RECORDED INFORMATION>
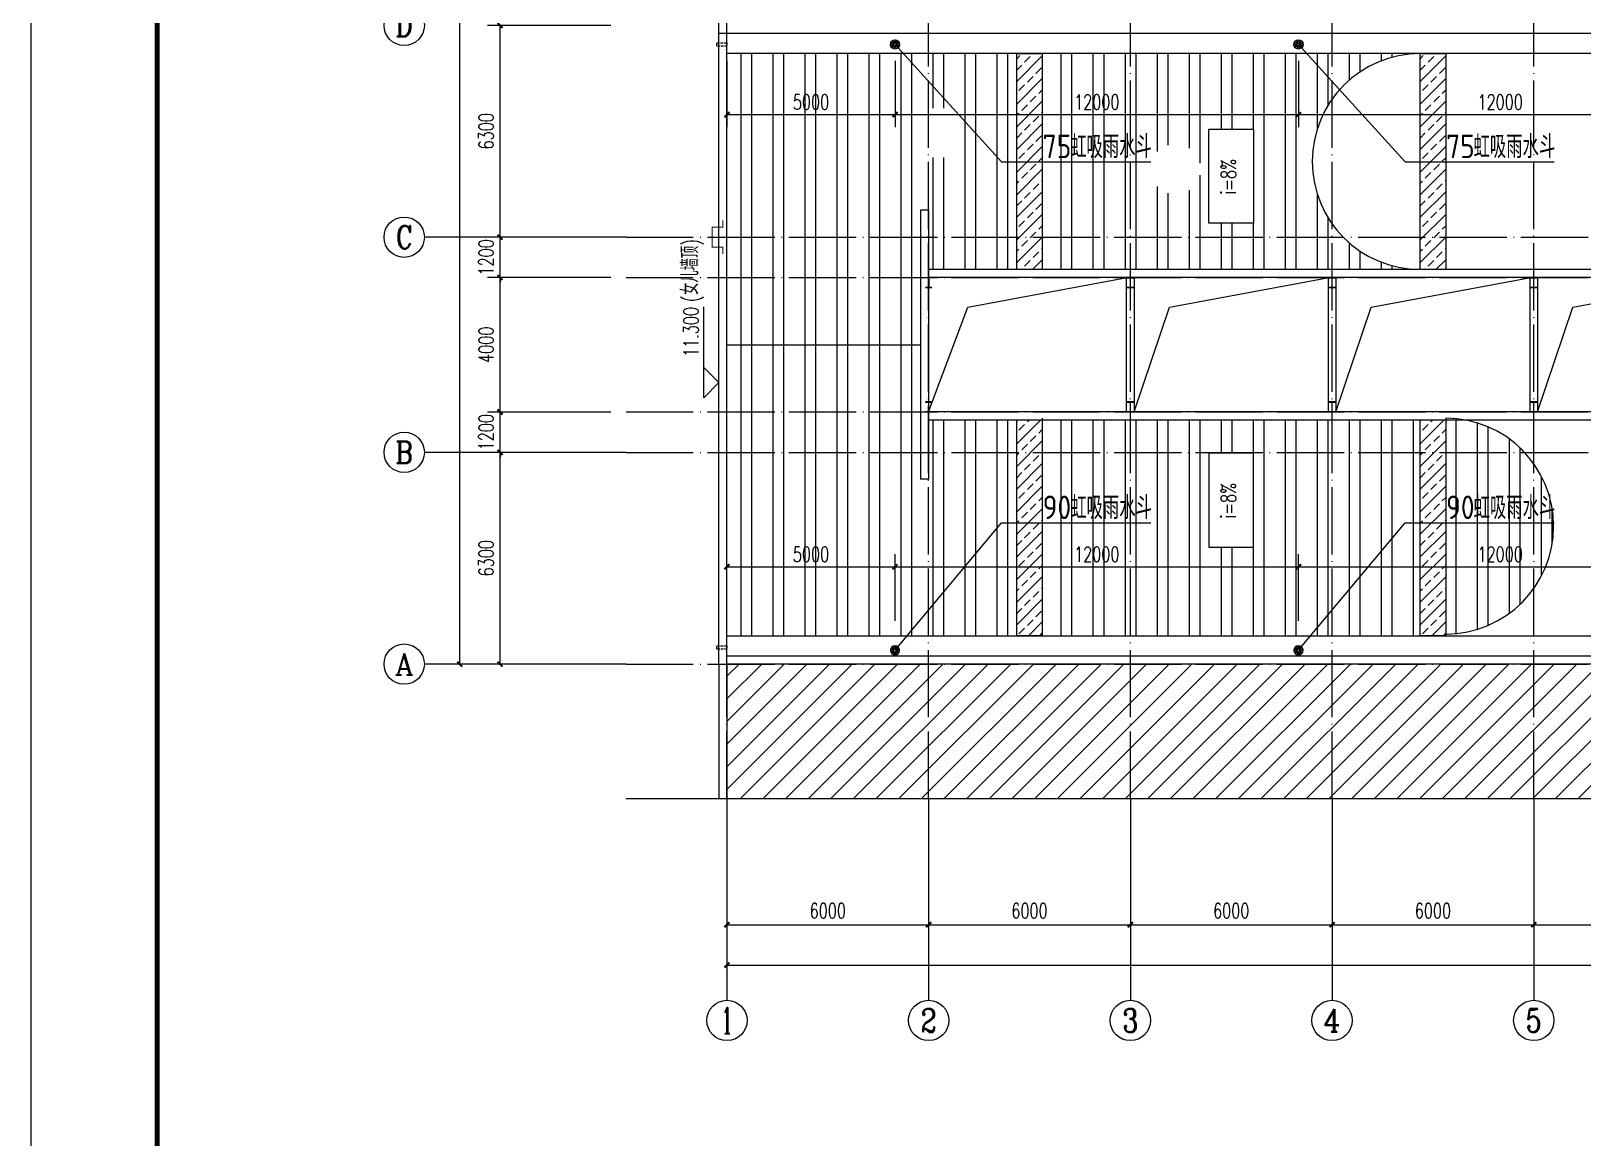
# Model space of a CAD drawing. Extents: x 1635833 to 4277885, y 16914845 to 35313750.
# Drawn here: x 2113224 to 2159387, y 17538837 to 17571763 of the extents above; entities that cross this region are included whole.
import ezdxf
from ezdxf.enums import TextEntityAlignment as Align

# ---------------------------------------------------------------- set-up
doc = ezdxf.new("R2010")
doc.units = 0
doc.header["$LTSCALE"] = 1000
doc.header["$MEASUREMENT"] = 0
doc.linetypes.add('DASH', pattern=[0.35, 0.25, -0.1])
doc.linetypes.add('DOTE', pattern=[2.42, 2, -0.2, 0.02, -0.2])
doc.layers.get('Defpoints').update_dxf_attribs({"color": 250})
for name, color, linetype in [('0 - 屋顶线', 150, 'Continuous'), ('AXIS_TEXT', 7, 'Continuous'), ('AXIS_外部', 171, 'Continuous'), ('COLUMN', 2, 'Continuous'), ('DIM_SYMB', 165, 'Continuous'), ('DOTE', 8, 'DOTE'), ('PUB_DIM', 161, 'Continuous'), ('PUB_TEXT', 7, 'Continuous'), ('R-tec-xhbz', 7, 'Continuous'), ('R-tec-ysd', 1, 'Continuous'), ('TK', 4, 'Continuous'), ('TWT_DIM', 3, 'Continuous'), ('TWT_TEXT', 7, 'Continuous'), ('WALL-PARAPET', 6, 'Continuous'), ('填充', 8, 'Continuous')]:
    doc.layers.add(name, color=color, linetype=linetype)
doc.styles.add('_TCH_AXIS', font='COMPLEX', dxfattribs={"bigfont": 'GBCBIG'})
doc.styles.add('_TCH_DIM', font='SIMPLEX', dxfattribs={"bigfont": 'GBCBIG'})
doc.styles.add('_TCH_DIM_T3', font='SIMPLEX', dxfattribs={"width": 0.705882, "bigfont": 'GBCBIG'})
doc.styles.add('COMPLEX', font='COMPLEX')
doc.styles.get("Standard").update_dxf_attribs({"font": 'gbenor.shx', "bigfont": 'gbcbig.shx'})
doc.dimstyles.new('_TCH_ARCH&&150', dxfattribs={"dimtxt": 446.25, "dimasz": 150, "dimexe": 375, "dimexo": 450, "dimgap": 189.375, "dimtad": 1, "dimdec": 0, "dimzin": 0, "dimdsep": 46, "dimtxsty": '_TCH_DIM_T3', "dimblk": 'ARCHTICK', "dimcen": 0.09, "dimclrt": 7, "dimazin": 2, "dimtfac": 1, "dimtdec": 0, "dimtix": 1, "dimtmove": 2, "dimatfit": 3, "dimfxl": 0, "dimtolj": 1, "dimtzin": 0, "dimarcsym": 0})
doc.dimstyles.new('_TWT_ARCH&&150', dxfattribs={"dimtxt": 446.25, "dimasz": 150, "dimexe": 375, "dimexo": 450, "dimgap": 150, "dimtad": 1, "dimdec": 0, "dimzin": 0, "dimdsep": 46, "dimtxsty": '_TCH_DIM_T3', "dimblk": 'ARCHTICK', "dimcen": 0.09, "dimclrt": 7, "dimazin": 2, "dimtfac": 1, "dimtdec": 0, "dimtix": 1, "dimtmove": 2, "dimatfit": 3, "dimfxl": 0, "dimtolj": 1, "dimtzin": 0, "dimarcsym": 0})
pattern_1 = [(90, (53131.6, -1907255), (-952.5, 6e-14), []), (90, (53449.1, -1906937.5), (-952.5, 6e-14), [])]

# ---------------------------------------------------------------- blocks, each defined once
blk = doc.blocks.new('A$C0FCD69EC')
at = {"layer": 'COLUMN'}
blk.add_hatch(color=2, dxfattribs=at).paths.add_polyline_path([(300, 180), (294, 180), (294, 94), (6, 94), (6, 180), (0, 180), (0, 0), (6, 0), (6, 86), (294, 86), (294, 0), (300, 0)])
at = {"layer": 'COLUMN', "color": 2}
blk.add_lwpolyline([(300, 0), (294, 0), (294, 86), (6, 86), (6, 0), (0, 0), (0, 180), (6, 180), (6, 94), (294, 94), (294, 180), (300, 180)], close=True, dxfattribs=at)
blk = doc.blocks.new('ysd')
at = {"layer": 'R-tec-ysd', "lineweight": 25}
for p, q in [((351079, 494502), (351174, 494471)), ((351174, 494452), (351079, 494422)), ((351179, 494489), (351081, 494510)), ((351081, 494414), (351179, 494435)), ((351121, 494579), (351188, 494505)), ((351188, 494419), (351121, 494344)), ((351201, 494518), (351127, 494585)), ((351127, 494339), (351201, 494405)), ((351196, 494625), (351217, 494527)), ((351217, 494396), (351196, 494299)), ((351235, 494532), (351204, 494627)), ((351204, 494297), (351235, 494391)), ((351284, 494627), (351254, 494532)), ((351254, 494391), (351284, 494297)), ((351271, 494527), (351292, 494625)), ((351292, 494299), (351271, 494396)), ((351362, 494585), (351288, 494518)), ((351288, 494405), (351362, 494339)), ((351301, 494505), (351367, 494579)), ((351367, 494344), (351301, 494419)), ((351407, 494510), (351310, 494489)), ((351310, 494435), (351407, 494414)), ((351315, 494471), (351409, 494502)), ((351409, 494422), (351315, 494452))]:
    blk.add_line(p, q, dxfattribs=at)
for radius in [170, 54]:
    blk.add_circle((351244, 494462), radius, dxfattribs=at)
for centre, start, end in [((351170, 494462), 291.6382, 68.3675), ((351180, 494499), 261.6382, 38.3675), ((351180, 494425), 321.6382, 98.3675), ((351207, 494526), 231.6382, 8.3675), ((351207, 494398), 351.6382, 128.3675), ((351244, 494536), 201.6382, 338.3675), ((351244, 494388), 21.6382, 158.3675), ((351281, 494526), 171.6382, 308.3675), ((351281, 494398), 51.6382, 188.3675), ((351308, 494499), 141.6382, 278.3675), ((351308, 494425), 81.6382, 218.3675), ((351318, 494462), 111.6382, 248.3675)]:
    blk.add_arc(centre, 10, start, end, dxfattribs=at)
blk = doc.blocks.new('GeYuanFrame_62034133', base_point=(20.09, 4.53))
at = {"layer": 'TK'}
blk.add_lwpolyline([(20.09, 4.53), (20.09, 598.53), (1071.09, 598.53), (1071.09, 4.53)], close=True, dxfattribs=at)
at = {"layer": 'TK', "const_width": 1}
blk.add_lwpolyline([(45.09, 588.53), (1061.09, 588.53), (1061.09, 14.53), (45.09, 14.53)], close=True, dxfattribs=at)
blk = doc.blocks.new('_ArchTick')
at = {"color": 0, "linetype": 'ByBlock', "const_width": 0.4}
blk.add_lwpolyline([(-0.5, -0.5), (0.5, 0.5)], dxfattribs=at)
blk = doc.blocks.new('*D55')
at = {"layer": 'Defpoints', "color": 0}
for p in [(2138924, 17555827), (2133924, 17553771), (2138924, 17553771)]:
    blk.add_point(p, dxfattribs=at)
at = {"layer": 'TWT_DIM', "color": 0, "lineweight": -2}
for p, q in [((2133924, 17554221), (2133924, 17556202)), ((2138924, 17554221), (2138924, 17556202)), ((2133924, 17555827), (2138924, 17555827))]:
    blk.add_line(p, q, dxfattribs=at)
at = {"layer": 'TWT_DIM', "color": 0, "lineweight": -2, "xscale": 150, "yscale": 150, "zscale": 150, "rotation": 180}
blk.add_blockref('_ArchTick', (2133924, 17555827), dxfattribs=at)
at = {"layer": 'TWT_DIM', "color": 0, "lineweight": -2, "xscale": 150, "yscale": 150, "zscale": 150}
blk.add_blockref('_ArchTick', (2138924, 17555827), dxfattribs=at)
at = {"layer": 'TWT_DIM', "color": 7, "insert": (2136424, 17556200), "char_height": 446.2, "attachment_point": 5, "style": '_TCH_DIM_T3'}
blk.add_mtext('\\A1;5000', dxfattribs=at)
blk = doc.blocks.new('*D56')
at = {"layer": 'Defpoints', "color": 0}
for p in [(2150924, 17555827), (2138924, 17553771), (2150924, 17553771)]:
    blk.add_point(p, dxfattribs=at)
at = {"layer": 'TWT_DIM', "color": 0, "lineweight": -2}
for p, q in [((2138924, 17554221), (2138924, 17556202)), ((2150924, 17554221), (2150924, 17556202)), ((2138924, 17555827), (2150924, 17555827))]:
    blk.add_line(p, q, dxfattribs=at)
at = {"layer": 'TWT_DIM', "color": 0, "lineweight": -2, "xscale": 150, "yscale": 150, "zscale": 150, "rotation": 180}
blk.add_blockref('_ArchTick', (2138924, 17555827), dxfattribs=at)
at = {"layer": 'TWT_DIM', "color": 0, "lineweight": -2, "xscale": 150, "yscale": 150, "zscale": 150}
blk.add_blockref('_ArchTick', (2150924, 17555827), dxfattribs=at)
at = {"layer": 'TWT_DIM', "color": 7, "insert": (2144924, 17556200), "char_height": 446.2, "attachment_point": 5, "style": '_TCH_DIM_T3'}
blk.add_mtext('\\A1;12000', dxfattribs=at)
blk = doc.blocks.new('*D57')
at = {"layer": 'Defpoints', "color": 0}
for p in [(2162924, 17555827), (2150924, 17553771), (2162924, 17553771)]:
    blk.add_point(p, dxfattribs=at)
at = {"layer": 'TWT_DIM', "color": 0, "lineweight": -2}
for p, q in [((2150924, 17554221), (2150924, 17556202)), ((2162924, 17554221), (2162924, 17556202)), ((2150924, 17555827), (2162924, 17555827))]:
    blk.add_line(p, q, dxfattribs=at)
at = {"layer": 'TWT_DIM', "color": 0, "lineweight": -2, "xscale": 150, "yscale": 150, "zscale": 150, "rotation": 180}
blk.add_blockref('_ArchTick', (2150924, 17555827), dxfattribs=at)
at = {"layer": 'TWT_DIM', "color": 0, "lineweight": -2, "xscale": 150, "yscale": 150, "zscale": 150}
blk.add_blockref('_ArchTick', (2162924, 17555827), dxfattribs=at)
at = {"layer": 'TWT_DIM', "color": 7, "insert": (2156924, 17556200), "char_height": 446.2, "attachment_point": 5, "style": '_TCH_DIM_T3'}
blk.add_mtext('\\A1;12000', dxfattribs=at)
blk = doc.blocks.new('*D65')
at = {"layer": 'Defpoints', "color": 0}
for p in [(2133924, 17571331), (2138924, 17571331), (2138924, 17569276)]:
    blk.add_point(p, dxfattribs=at)
at = {"layer": 'TWT_DIM', "color": 0, "lineweight": -2}
for p, q in [((2133924, 17570881), (2133924, 17568901)), ((2138924, 17570881), (2138924, 17568901)), ((2133924, 17569276), (2138924, 17569276))]:
    blk.add_line(p, q, dxfattribs=at)
at = {"layer": 'TWT_DIM', "color": 0, "lineweight": -2, "xscale": 150, "yscale": 150, "zscale": 150, "rotation": 180}
blk.add_blockref('_ArchTick', (2133924, 17569276), dxfattribs=at)
at = {"layer": 'TWT_DIM', "color": 0, "lineweight": -2, "xscale": 150, "yscale": 150, "zscale": 150}
blk.add_blockref('_ArchTick', (2138924, 17569276), dxfattribs=at)
at = {"layer": 'TWT_DIM', "color": 7, "insert": (2136424, 17569649), "char_height": 446.2, "attachment_point": 5, "style": '_TCH_DIM_T3'}
blk.add_mtext('\\A1;5000', dxfattribs=at)
blk = doc.blocks.new('*D66')
at = {"layer": 'Defpoints', "color": 0}
for p in [(2138924, 17571331), (2150924, 17571331), (2150924, 17569276)]:
    blk.add_point(p, dxfattribs=at)
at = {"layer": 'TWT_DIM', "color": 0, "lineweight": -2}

WHAT NEEDS TO BE DONE> List all lines above in which the string "COLUMN" appears.

ANSWER FOR THIS EXERCISE>
for name, color, linetype in [('0 - 屋顶线', 150, 'Continuous'), ('AXIS_TEXT', 7, 'Continuous'), ('AXIS_外部', 171, 'Continuous'), ('COLUMN', 2, 'Continuous'), ('DIM_SYMB', 165, 'Continuous'), ('DOTE', 8, 'DOTE'), ('PUB_DIM', 161, 'Continuous'), ('PUB_TEXT', 7, 'Continuous'), ('R-tec-xhbz', 7, 'Continuous'), ('R-tec-ysd', 1, 'Continuous'), ('TK', 4, 'Continuous'), ('TWT_DIM', 3, 'Continuous'), ('TWT_TEXT', 7, 'Continuous'), ('WALL-PARAPET', 6, 'Continuous'), ('填充', 8, 'Continuous')]:
at = {"layer": 'COLUMN'}
at = {"layer": 'COLUMN', "color": 2}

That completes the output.